Records from a data source:
##############################
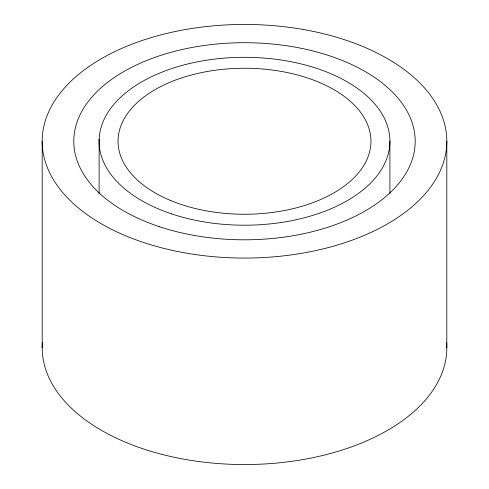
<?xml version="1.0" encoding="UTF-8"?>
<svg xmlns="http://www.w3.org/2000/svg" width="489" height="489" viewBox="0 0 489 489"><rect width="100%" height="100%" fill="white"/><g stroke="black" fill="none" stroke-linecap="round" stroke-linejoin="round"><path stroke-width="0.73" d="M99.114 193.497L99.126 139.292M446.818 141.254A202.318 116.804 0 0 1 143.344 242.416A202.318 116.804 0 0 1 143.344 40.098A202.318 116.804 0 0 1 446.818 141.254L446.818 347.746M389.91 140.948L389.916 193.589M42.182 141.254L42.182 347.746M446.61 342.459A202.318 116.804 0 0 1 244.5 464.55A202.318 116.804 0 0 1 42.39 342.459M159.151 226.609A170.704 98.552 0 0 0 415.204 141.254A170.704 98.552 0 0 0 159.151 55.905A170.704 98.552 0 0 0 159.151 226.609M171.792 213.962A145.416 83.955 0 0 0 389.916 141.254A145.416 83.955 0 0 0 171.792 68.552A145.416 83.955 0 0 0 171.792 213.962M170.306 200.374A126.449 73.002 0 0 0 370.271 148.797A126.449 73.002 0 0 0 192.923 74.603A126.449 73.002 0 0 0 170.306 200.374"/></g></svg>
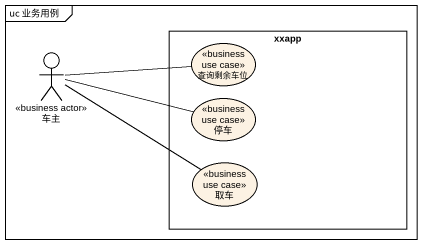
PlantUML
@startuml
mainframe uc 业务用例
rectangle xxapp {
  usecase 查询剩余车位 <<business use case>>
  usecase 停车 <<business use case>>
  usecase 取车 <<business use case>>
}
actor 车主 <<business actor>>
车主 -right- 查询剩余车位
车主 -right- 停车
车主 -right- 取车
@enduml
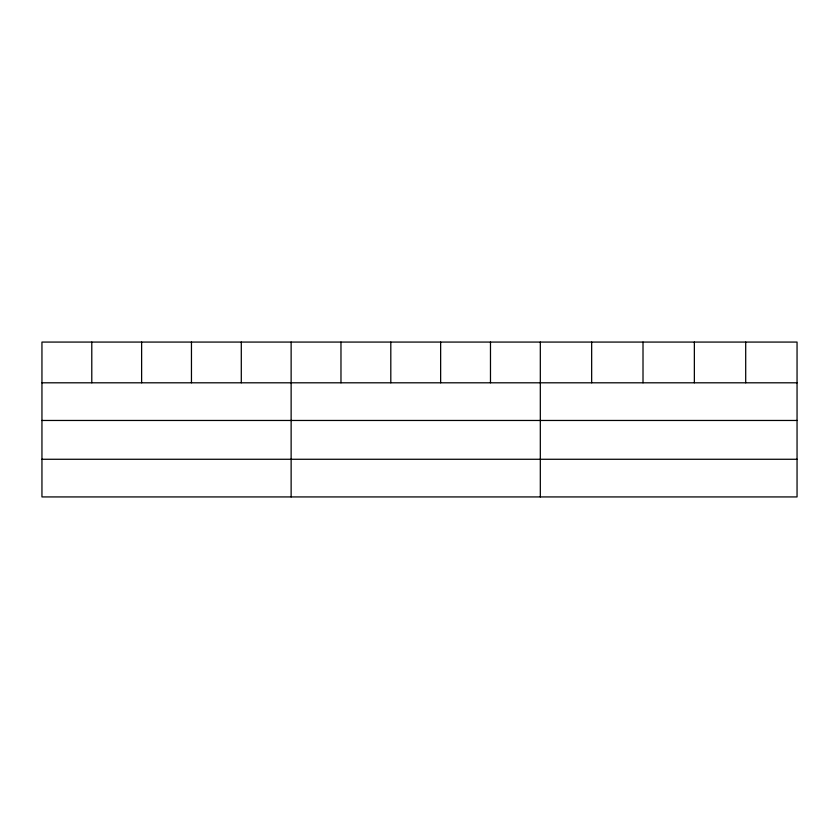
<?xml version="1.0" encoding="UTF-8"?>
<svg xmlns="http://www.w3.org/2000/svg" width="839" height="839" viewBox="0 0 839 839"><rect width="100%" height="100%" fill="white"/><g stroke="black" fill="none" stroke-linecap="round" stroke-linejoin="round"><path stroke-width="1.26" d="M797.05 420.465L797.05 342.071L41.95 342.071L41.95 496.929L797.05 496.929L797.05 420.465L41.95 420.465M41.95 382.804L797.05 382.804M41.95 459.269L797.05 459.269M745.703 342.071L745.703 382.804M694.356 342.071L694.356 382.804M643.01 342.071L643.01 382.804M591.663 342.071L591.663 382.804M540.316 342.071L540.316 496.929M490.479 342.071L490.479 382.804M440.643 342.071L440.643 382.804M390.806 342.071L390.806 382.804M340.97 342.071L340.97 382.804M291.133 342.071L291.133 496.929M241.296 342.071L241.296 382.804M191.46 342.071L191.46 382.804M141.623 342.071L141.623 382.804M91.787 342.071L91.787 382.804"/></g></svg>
##############################
TASK TO CARRY OUT: For the entries, state the number of lines that include the string "business". Add no other words.

EXERCISE SOLUTION: 4